*** Extracted material Section Begins ***
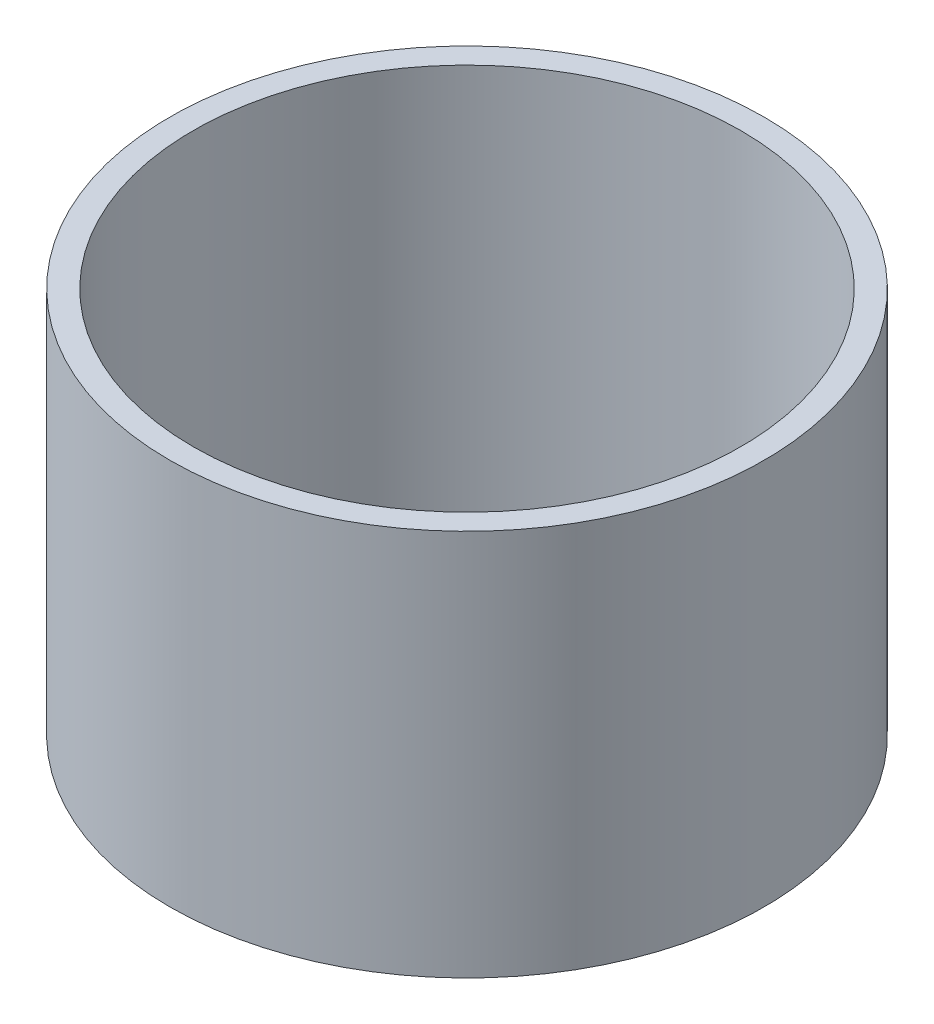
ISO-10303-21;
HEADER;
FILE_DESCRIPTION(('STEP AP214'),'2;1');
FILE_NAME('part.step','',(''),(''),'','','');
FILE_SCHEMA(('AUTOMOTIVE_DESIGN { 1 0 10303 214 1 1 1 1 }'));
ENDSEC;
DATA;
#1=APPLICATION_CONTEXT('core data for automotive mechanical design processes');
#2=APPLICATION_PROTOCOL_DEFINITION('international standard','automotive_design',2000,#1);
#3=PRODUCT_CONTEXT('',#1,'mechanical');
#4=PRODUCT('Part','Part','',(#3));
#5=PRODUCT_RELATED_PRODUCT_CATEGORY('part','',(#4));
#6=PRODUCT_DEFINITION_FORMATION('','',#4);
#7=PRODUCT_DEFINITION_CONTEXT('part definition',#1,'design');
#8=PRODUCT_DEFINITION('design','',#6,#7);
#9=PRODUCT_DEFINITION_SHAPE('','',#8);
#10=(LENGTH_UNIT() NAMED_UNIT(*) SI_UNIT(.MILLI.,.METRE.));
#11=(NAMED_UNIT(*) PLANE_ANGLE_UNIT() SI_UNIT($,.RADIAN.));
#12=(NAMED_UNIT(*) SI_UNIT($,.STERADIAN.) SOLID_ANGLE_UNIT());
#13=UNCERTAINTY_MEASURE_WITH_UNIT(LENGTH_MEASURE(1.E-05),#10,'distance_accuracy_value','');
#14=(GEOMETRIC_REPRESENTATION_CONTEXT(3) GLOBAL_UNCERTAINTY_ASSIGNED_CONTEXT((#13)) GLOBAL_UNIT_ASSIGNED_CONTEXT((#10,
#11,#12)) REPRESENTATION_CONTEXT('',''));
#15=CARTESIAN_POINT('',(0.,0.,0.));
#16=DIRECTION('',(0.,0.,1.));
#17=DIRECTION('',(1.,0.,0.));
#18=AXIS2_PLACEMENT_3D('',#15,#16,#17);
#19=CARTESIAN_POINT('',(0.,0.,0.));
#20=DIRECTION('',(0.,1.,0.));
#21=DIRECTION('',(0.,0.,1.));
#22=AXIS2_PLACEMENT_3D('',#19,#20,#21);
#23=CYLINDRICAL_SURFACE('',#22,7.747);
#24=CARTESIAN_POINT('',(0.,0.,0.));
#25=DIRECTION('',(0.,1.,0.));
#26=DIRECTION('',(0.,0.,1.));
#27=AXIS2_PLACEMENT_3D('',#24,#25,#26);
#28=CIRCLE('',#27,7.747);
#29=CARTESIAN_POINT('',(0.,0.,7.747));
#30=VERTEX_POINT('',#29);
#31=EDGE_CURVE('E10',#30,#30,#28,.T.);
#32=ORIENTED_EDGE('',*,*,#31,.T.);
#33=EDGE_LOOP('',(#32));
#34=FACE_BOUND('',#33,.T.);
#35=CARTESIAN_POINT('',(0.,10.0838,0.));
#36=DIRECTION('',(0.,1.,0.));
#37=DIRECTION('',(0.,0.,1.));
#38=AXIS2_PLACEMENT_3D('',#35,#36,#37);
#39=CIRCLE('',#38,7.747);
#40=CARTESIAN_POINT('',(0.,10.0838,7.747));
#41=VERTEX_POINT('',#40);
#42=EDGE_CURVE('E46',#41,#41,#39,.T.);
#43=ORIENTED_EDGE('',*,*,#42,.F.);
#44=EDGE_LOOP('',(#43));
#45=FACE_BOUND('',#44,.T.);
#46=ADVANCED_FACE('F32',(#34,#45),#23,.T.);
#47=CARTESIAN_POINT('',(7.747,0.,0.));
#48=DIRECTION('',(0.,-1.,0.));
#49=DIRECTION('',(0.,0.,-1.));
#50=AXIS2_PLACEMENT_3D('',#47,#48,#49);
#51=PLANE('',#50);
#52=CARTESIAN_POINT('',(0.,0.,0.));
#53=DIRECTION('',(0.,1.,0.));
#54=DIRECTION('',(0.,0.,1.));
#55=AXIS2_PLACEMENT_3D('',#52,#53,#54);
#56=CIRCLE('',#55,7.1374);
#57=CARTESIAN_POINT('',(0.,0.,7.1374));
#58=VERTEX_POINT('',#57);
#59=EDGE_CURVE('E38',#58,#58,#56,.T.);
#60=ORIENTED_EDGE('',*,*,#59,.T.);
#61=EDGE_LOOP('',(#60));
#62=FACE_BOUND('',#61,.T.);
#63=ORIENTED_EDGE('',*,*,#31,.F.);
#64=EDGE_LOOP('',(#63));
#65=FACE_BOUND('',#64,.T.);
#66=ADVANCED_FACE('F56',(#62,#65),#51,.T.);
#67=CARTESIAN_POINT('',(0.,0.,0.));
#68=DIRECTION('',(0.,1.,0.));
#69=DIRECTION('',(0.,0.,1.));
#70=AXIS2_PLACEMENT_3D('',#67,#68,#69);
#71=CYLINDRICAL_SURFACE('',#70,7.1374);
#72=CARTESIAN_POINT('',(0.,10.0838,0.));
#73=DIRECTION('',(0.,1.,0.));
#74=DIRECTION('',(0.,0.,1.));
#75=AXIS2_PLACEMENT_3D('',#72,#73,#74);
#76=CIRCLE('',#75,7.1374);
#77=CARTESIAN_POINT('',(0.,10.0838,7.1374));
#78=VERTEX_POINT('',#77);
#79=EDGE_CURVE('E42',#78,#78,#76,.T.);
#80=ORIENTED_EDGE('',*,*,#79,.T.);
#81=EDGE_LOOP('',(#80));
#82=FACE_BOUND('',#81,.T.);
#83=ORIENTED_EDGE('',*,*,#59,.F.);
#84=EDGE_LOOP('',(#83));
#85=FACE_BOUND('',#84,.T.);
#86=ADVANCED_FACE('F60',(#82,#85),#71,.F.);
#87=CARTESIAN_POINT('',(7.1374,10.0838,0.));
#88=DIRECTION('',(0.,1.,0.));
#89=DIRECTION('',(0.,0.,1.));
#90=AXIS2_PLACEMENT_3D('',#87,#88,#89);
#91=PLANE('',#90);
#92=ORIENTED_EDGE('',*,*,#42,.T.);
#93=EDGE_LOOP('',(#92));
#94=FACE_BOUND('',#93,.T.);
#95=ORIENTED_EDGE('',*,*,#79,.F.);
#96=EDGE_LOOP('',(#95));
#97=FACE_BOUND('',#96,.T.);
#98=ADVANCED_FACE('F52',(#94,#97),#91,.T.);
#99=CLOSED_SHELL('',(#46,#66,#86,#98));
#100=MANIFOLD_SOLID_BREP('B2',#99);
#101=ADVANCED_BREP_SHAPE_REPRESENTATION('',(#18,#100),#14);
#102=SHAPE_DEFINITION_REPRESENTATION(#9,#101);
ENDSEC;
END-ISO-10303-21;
*** Extracted material Section Ends ***
### Exercise directions
Return only the part of the records above that opens with the line containing "#39=CIRCLE('',#38,7.747);" and closes with the line containing "#67=CARTESIAN_POINT('',(0.,0.,0.));", ends included.

### Result below
#39=CIRCLE('',#38,7.747);
#40=CARTESIAN_POINT('',(0.,10.0838,7.747));
#41=VERTEX_POINT('',#40);
#42=EDGE_CURVE('E46',#41,#41,#39,.T.);
#43=ORIENTED_EDGE('',*,*,#42,.F.);
#44=EDGE_LOOP('',(#43));
#45=FACE_BOUND('',#44,.T.);
#46=ADVANCED_FACE('F32',(#34,#45),#23,.T.);
#47=CARTESIAN_POINT('',(7.747,0.,0.));
#48=DIRECTION('',(0.,-1.,0.));
#49=DIRECTION('',(0.,0.,-1.));
#50=AXIS2_PLACEMENT_3D('',#47,#48,#49);
#51=PLANE('',#50);
#52=CARTESIAN_POINT('',(0.,0.,0.));
#53=DIRECTION('',(0.,1.,0.));
#54=DIRECTION('',(0.,0.,1.));
#55=AXIS2_PLACEMENT_3D('',#52,#53,#54);
#56=CIRCLE('',#55,7.1374);
#57=CARTESIAN_POINT('',(0.,0.,7.1374));
#58=VERTEX_POINT('',#57);
#59=EDGE_CURVE('E38',#58,#58,#56,.T.);
#60=ORIENTED_EDGE('',*,*,#59,.T.);
#61=EDGE_LOOP('',(#60));
#62=FACE_BOUND('',#61,.T.);
#63=ORIENTED_EDGE('',*,*,#31,.F.);
#64=EDGE_LOOP('',(#63));
#65=FACE_BOUND('',#64,.T.);
#66=ADVANCED_FACE('F56',(#62,#65),#51,.T.);
#67=CARTESIAN_POINT('',(0.,0.,0.));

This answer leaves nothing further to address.